Я никогда не думал, что я буду плакать, глядя на нее. Мы с Зюгром и Наташкой как-то судорожно вжались друг в друга - тоже никогда не думал, что будет так, но мы тыкались друг в друга потому что это было наше общее - словно не было семи лет с момента окончания класса, хоть с Наташкой мы последний раз виделись года два назад, а с Зюгром - три. Это была наша жизнь, наш Босс, и нам не хотелось отпускать все это, даже не отпускать - а верить в то, что теперь этого нет.
В каком-то смысле правы все, кто что-то говорил - она останется с нами всеми, ее вокруг больше, она никогда не умрет, потому что это истинное бессмертие - память тех, кто ощутил ее влияние на свою жизнь.
В каком-то смысле мы все немного умерли. Потому что ни у кого из нас больше не будет нашего Белого, Нашего Дома, школы в яблоневом цвету, где есть низенькая пожилая женщина с острым языком и не менее острым умом, куда можно хотеть заехать до бесконечности - и все откладывать и откладывать, не потому, что не хочется или нет настроения, а потому что это будет всегда, и можно никуда не спешить. У меня лежит недописанное ей письмо, которое я не отдал Ольке, когда мы встречались накануне смерти Г.А. - не потому что я понимал, что уже бессмысленно, а потому что я собирался его дописать и отдать, когда Г.А. придет в сознание и сможет читать сама или слушать Журу.
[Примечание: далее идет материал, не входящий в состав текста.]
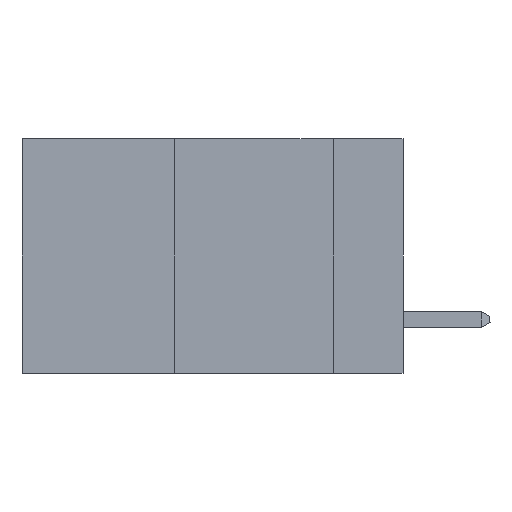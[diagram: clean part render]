
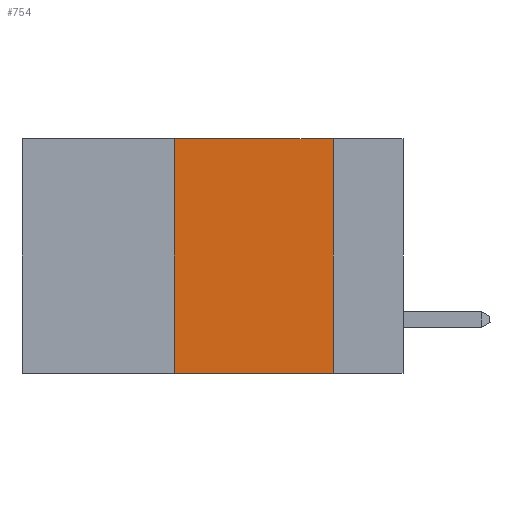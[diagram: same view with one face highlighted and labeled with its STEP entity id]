
A CAD part, left-side view. The second image highlights one B-rep face of the part: STEP entity #754.
In plain terms, the highlighted planar face has unit normal (-1, 0, 0).
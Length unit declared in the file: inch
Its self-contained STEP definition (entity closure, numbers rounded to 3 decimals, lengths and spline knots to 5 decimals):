
#645 = VECTOR ( 'NONE', #36175, 39.37008 ) ;
#754 = ADVANCED_FACE ( 'NONE', ( #48978 ), #19077, .F. ) ;
#2456 = CARTESIAN_POINT ( 'NONE',  ( 0., 0.11, 0. ) ) ;
#2941 = CARTESIAN_POINT ( 'NONE',  ( 0., 0.36, -0.37 ) ) ;
#5980 = CARTESIAN_POINT ( 'NONE',  ( 0., 0.11, -0.37 ) ) ;
#7815 = CARTESIAN_POINT ( 'NONE',  ( 0., 0.6, 0. ) ) ;
#9165 = CARTESIAN_POINT ( 'NONE',  ( 0., 0.6, 0. ) ) ;
#13330 = DIRECTION ( 'NONE',  ( 0., -1., 0. ) ) ;
#14213 = DIRECTION ( 'NONE',  ( 0., 0., -1. ) ) ;
#14962 = DIRECTION ( 'NONE',  ( 0., 0., 1. ) ) ;
#17615 = EDGE_CURVE ( 'NONE', #28993, #41306, #38905, .T. ) ;
#18755 = EDGE_CURVE ( 'NONE', #46736, #41306, #45353, .T. ) ;
#18777 = VECTOR ( 'NONE', #14213, 39.37008 ) ;
#19077 = PLANE ( 'NONE',  #19554 ) ;
#19101 = VERTEX_POINT ( 'NONE', #40124 ) ;
#19554 = AXIS2_PLACEMENT_3D ( 'NONE', #7815, #30616, #34260 ) ;
#22529 = ORIENTED_EDGE ( 'NONE', *, *, #38895, .F. ) ;
#28521 = EDGE_LOOP ( 'NONE', ( #42370, #34855, #22529, #30808 ) ) ;
#28993 = VERTEX_POINT ( 'NONE', #2456 ) ;
#29603 = VECTOR ( 'NONE', #14962, 39.37008 ) ;
#30616 = DIRECTION ( 'NONE',  ( 1., 0., 0. ) ) ;
#30808 = ORIENTED_EDGE ( 'NONE', *, *, #18755, .T. ) ;
#30868 = LINE ( 'NONE', #9165, #645 ) ;
#33307 = EDGE_CURVE ( 'NONE', #19101, #28993, #30868, .T. ) ;
#33642 = CARTESIAN_POINT ( 'NONE',  ( 0., 0.36, 0. ) ) ;
#34260 = DIRECTION ( 'NONE',  ( 0., 0., -1. ) ) ;
#34855 = ORIENTED_EDGE ( 'NONE', *, *, #33307, .F. ) ;
#35464 = LINE ( 'NONE', #33642, #29603 ) ;
#36175 = DIRECTION ( 'NONE',  ( 0., -1., 0. ) ) ;
#36565 = CARTESIAN_POINT ( 'NONE',  ( 0., 0.11, 0. ) ) ;
#37434 = CARTESIAN_POINT ( 'NONE',  ( 0., 0.6, -0.37 ) ) ;
#38895 = EDGE_CURVE ( 'NONE', #46736, #19101, #35464, .T. ) ;
#38905 = LINE ( 'NONE', #36565, #18777 ) ;
#40124 = CARTESIAN_POINT ( 'NONE',  ( 0., 0.36, 0. ) ) ;
#41271 = VECTOR ( 'NONE', #13330, 39.37008 ) ;
#41306 = VERTEX_POINT ( 'NONE', #5980 ) ;
#42370 = ORIENTED_EDGE ( 'NONE', *, *, #17615, .F. ) ;
#45353 = LINE ( 'NONE', #37434, #41271 ) ;
#46736 = VERTEX_POINT ( 'NONE', #2941 ) ;
#48978 = FACE_OUTER_BOUND ( 'NONE', #28521, .T. ) ;

«Знаете, Галина Анатольевна, я все вспоминаю наше второе Белое, ночной фарватер, тихий плеск весел и почти абсолютное молчание. Это чуть позже мы начали петь, а был момент, когда мы шли тихо-тихо, а море было сумеречное - но все равно белое-белое, и казалось, что мы всегда будем вот так вот, с тихим плеском, идти вперед. Я понимаю сейчас, тогда-то конечно было не до того, а сейчас - да, понимаю, какой я счастливый человек, что мне было кому все это показать. Знаете, есть недалеко от Дома, километра полтора по дороге от Ковды, странная сопка - вроде бы сворачиваешь с дороги и идешь по камням между сосен, никуда не лезешь, а просто идешь прямо, и минут через пять доходишь до обрыва, напротив лица качается верхушка сосны, вниз смотри- не смотри - все равно ничего не увидишь, и можно сесть, свесив с этого обрыва ноги, прислонившись спиной к сосне, и просто смотреть - на качающиеся верхушки сосен, на небо, и понимать, что именно так выглядит твоя собственная жизнь. Мне иногда кажется, что Белое было маленькой жизнью для каждого из нас, и хотя мы меняемся, и сейчас каждый - совсем другой человек, но те мы все еще есть - на Белом, и внутри себя, и это очень важная часть нас, которой мы - мы все - обязаны именно Вам».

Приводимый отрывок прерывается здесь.